By Brent A. Metfessel MD

Dr. MetfesselThe Patient Protection and Affordable Care Act (ACA), affirmed after the November 7th 2012 presidential election, includes a number of policies and potential projects with the aim of improving quality of care while reducing costs – or at least greatly slowing increases in health care costs from year to year.

Included in this effort are CMS payment incentives for providers that can show care patterns that meet the goals of high quality, cost-efficient care.

HHS and ACOs 

On March 31, 2011, the Department of Health and Human Services (HHS) released a set of proposed new rules to aid clinicians, hospitals, and other health facilities and providers to improve coordination of care for Medicare patients using a model known as Accountable Care Organizations (ACOs). ACOs that are shown to lower health care cost growth while meeting CMS quality benchmarks, including measures of patient/caregiver experience of care, care coordination, patient safety, preventive health, and health of high-risk populations, will receive incentive payments as part of the Medicare Shared Savings Program.
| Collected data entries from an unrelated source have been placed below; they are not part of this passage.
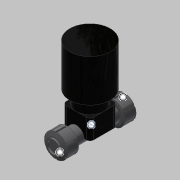
# Autodesk Inventor part: DIAPHRAGM VALVE PNEUMATIC GLUED DN15
Saved by Autodesk Inventor 2017 (Build 210142000, 142)
## iProperties
Created: 2016-04-26
Part Number: DIAPHRAGM VALVE PNEUMATIC GLUED DN15
Description: DKUIV
Document SubType Name: Modeling
Manufacturer: SEKISUI
Mass: 197.859 g
Surface Area: 285.44 cm^2
Volume: 153.379 cm^3
Density: 1.29 g/cm^3
Material: PVC
Appearance: Smooth - White(2)
Catalog Web Link: http://www.pocketbrewery.com
Title: BALL VALVE PVC-U TRD DN15
Autodesk Inventor part; units mm, degrees
ref_plane "YZ Plane" through (0, 0, 0) normal (1, 0, 0) x (0, 1, 0)
ref_plane "XZ Plane" through (0, 0, 0) normal (0, 1, 0) x (-1, 0, 0)
ref_plane "XY Plane" through (0, 0, 0) normal (0, 0, 1) x (1, 0, 0)
sketch "Sketch_1" plane through (0, 0, 0) normal (1, 0, 0) x (0, 1, 0)
  line L0 (61.0702, 0) -> (61.0702, -13.6667)
  line L1 (61.0702, -13.6667) -> (58.5831, -20.5)
  line L2 (58.5831, -20.5) -> (40.0529, -20.5)
  line L3 (40.0529, -20.5) -> (38.848, -17.1896)
  line L4 (38.848, -17.1896) -> (38.848, -13.6667)
  line L5 (-38.848, -13.6667) -> (-38.848, -17.1896)
  line L6 (-38.848, -17.1896) -> (-40.0529, -20.5)
  line L7 (-40.0529, -20.5) -> (-58.5831, -20.5)
  line L8 (-58.5831, -20.5) -> (-61.0702, -13.6667)
  line L9 (-61.0702, -13.6667) -> (-61.0702, 0)
  line L10 (-61.0702, 0) -> (61.0702, 0)
  line L11 (-40.0529, -20.5) -> (0, -20.5) construction
  line L12 (0, -20.5) -> (0, -30.1874) construction
  line L13 (-59.3111, -20.5) -> (-42.0529, -20.5)
  line L14 (-42.0529, -20.5) -> (-42.0529, -18.5)
  line L15 (-42.0529, -18.5) -> (-59.3111, -18.5)
  line L16 (-59.3111, -18.5) -> (-59.3111, -20.5)
  line L17 (42.0529, -20.5) -> (59.3111, -20.5)
  line L18 (59.3111, -20.5) -> (59.3111, -18.5)
  line L19 (59.3111, -18.5) -> (42.0529, -18.5)
  line L20 (42.0529, -18.5) -> (42.0529, -20.5)
  line L21 (-38.848, -13.6667) -> (38.848, -13.6667)
  point P0 (0, 0)
  point P1 (0, 0)
  point P2 (-49.318, -20.5)
  point P3 (50.682, -20.5)
  point P4 (0, 0)
  dimension "dimE" = 41
  dimension "d22" = 20.5
  dimension "d23" = 6.8333
  dimension "d24" = 20
  dimension "d27" = 22.2222
  dimension "d28" = 22.2222
  dimension "d52" = 20
  dimension "d53" = 2
  dimension "d54" = 2
  dimension "d55" = 2
  dimension "dimZ" = 100
  constraints: 44 end point, 6 parallel, 5 equal length, 5 horizontal, 5 perpendicular, 4 point on line, 3 collinear, 3 midpoint, 2 coincident
  measures "dimE" diameter of L2 L10
  measures "d22" distance from line of L0.start L2
  measures "d23" vertical distance of L0.end L1.end
  measures "d24" angle of L0 L1
  measures "d27" distance between parallel lines of L9 L5
  measures "d28" distance between parallel lines of L0 L4
  measures "d52" angle of L5 L6
  measures "d53" distance of L15.end L13.start
  measures "d54" distance from line of L6.end L14
  measures "d55" distance from line of L2.end L20
  measures "dimZ" distance of point (50.682, -20.5) point (-49.318, -20.5)
revolve "Revolution1" add sketch "Sketch_1" angle 360 about axis through (0, -61.0702, 0) along (0, 1, 0) contours L0 L1 L19 L20 L2 L3 L4 L21 L5 L6 L7 L14 L15 L8 L9 L10 | L1 L2 L20 L19 | L15 L14 L7 L8 | L8 L13 L16
sketch "Sketch11" plane through (0, 0, 0) normal (0, 0, 1) x (1, 0, 0)
  line L0 (-23.848, 23.848) -> (23.848, 23.848)
  line L1 (23.848, 23.848) -> (23.848, -23.848)
  line L2 (23.848, -23.848) -> (-23.848, -23.848)
  line L3 (-23.848, -23.848) -> (-23.848, 23.848)
  line L4 (23.848, -23.848) -> (-23.848, 23.848)
  line L5 (17.1896, 38.848) -> (-17.1896, 38.848) projected
  point P0 (0, 0)
  point P1 (0, 0)
  point P2 (0, 0)
  dimension "d71" = 15
  constraints: 10 end point, 2 coincident, 2 parallel, 2 perpendicular, 1 horizontal, 1 midpoint
  measures "d71" distance between parallel lines of L0 L5
extrude "Extrusion6" add sketch "Sketch11" along normal blind 34
sketch "Sketch_2" plane through (0, 0, 0) normal (1, 0, 0) x (0, 1, 0)
  line L0 (0, 34) -> (23.848, 34)
  line L1 (23.848, 34) -> (23.848, 56.2222)
  line L2 (23.848, 56.2222) -> (0, 56.2222)
  line L3 (0, 56.2222) -> (0, 34)
  line L4 (0, 56.2222) -> (34.9591, 56.2222)
  line L5 (34.9591, 56.2222) -> (34.9591, 129)
  line L6 (34.9591, 129) -> (0, 129)
  line L7 (0, 129) -> (0, 56.2222)
  line L8 (-33.3229, 0) -> (54.4515, 0)
  line L9 (-90.3, 0) -> (90.3, 0) projected
  line L10 (0, -319.9275) -> (0, 424.6014) projected
  point P0 (10.5643, 0)
  dimension "d67" = 22.2222
  dimension "d68" = 129
  dimension "d70" = 11.1111
  constraints: 18 end point, 4 parallel, 2 horizontal, 2 perpendicular, 1 coincident, 1 collinear, 1 midpoint, 1 point on line
  measures "d67" distance of L0.end L1.end
  measures "d68" distance between parallel lines of L6 L8
  measures "d70" distance between parallel lines of L5 L1
revolve "Revolution2" add sketch "Sketch_2" angle 360 about axis through (0, 0, 129) along (0, 0, -1)
fillet "Fillet1" radius 6.7 4 edges at (-23.848, 23.848, 17) (-23.848, -23.848, 17) (23.848, -23.848, 17) (23.848, 23.848, 17)
sketch "Sketch_7" plane through (0, 0, 0) normal (1, 0, 0) x (0, 1, 0)
  line L0 (-64.5, 12.5) -> (64.5, 12.5)
  line L1 (48.5126, 0) -> (-48.5126, 0)
  line L2 (-64.5, 12.5) -> (-64.5, 10)
  line L3 (-64.5, 10) -> (64.5, 10)
  line L4 (64.5, 10) -> (64.5, 12.5)
  line L5 (0, 0.4963) -> (0, 17.9963)
  point P0 (0, 0)
  point P1 (0, 0)
  point P2 (0, 10)
  point P3 (0, 0)
  dimension "dimH" = 129
  dimension "dimD" = 20
  dimension "dimD2" = 25
  constraints: 12 end point, 2 coincident, 2 midpoint, 2 perpendicular, 2 point on line, 2 vertical, 1 horizontal, 1 parallel
  measures "dimH" distance of L2.end L3.end
  measures "dimD" diameter of L3 L1
  measures "dimD2" diameter of L0 L1
revolve "Revolution3" add sketch "Sketch_7" angle 360 about axis through (0, 48.5126, 0) along (0, -1, 0)
extrude "Extrusion8" cut sketch "Sketch_1" along normal mid plane 2.7333 contours L18 L17 L1 | L1 L2 L20 L19 | L15 L14 L7 L8 | L8 L13 L16
pattern_circular "Circular Pattern1" count 6 over 360 about axis through (0, 32.25, 0) along (0, -1, 0) of "Extrusion8"
equation "\"d23\" = 0.333333 * d22"
equation "\"d27\" = 0.222222 * dimZ"
equation "\"d28\" = d27"
equation "\"d35\" = 0.1 * dimC"
equation "\"d47\" = 0.0666667 * dimE"
equation "\"dimC\" = 67"
body "Solid1"

But, in some proposed models ACOs may also be held accountable for shared losses.

Care Co-ordination

Coordination of care means that hospitals, physician offices, and other providers have a complete record of patients’ episodes of care, including diagnostic tests, procedures, and medication information.  This potentially would decrease extra costs from unnecessary duplication of services as well as reducing medical errors from incomplete understanding of the patients’ illness histories and medical care provided.

It is also believed that better coordination of care may prevent 30-day hospital readmissions (which occur for nearly one in five Medicare discharges), since needed post-discharge care would be more readily obtainable with more aggressive care coordination.

Medicare patients in ACOs, however, would still be allowed to see providers outside of the ACO, and proposals exist to prevent physicians in ACOs from being penalized for patients with a greater illness severity or complexity.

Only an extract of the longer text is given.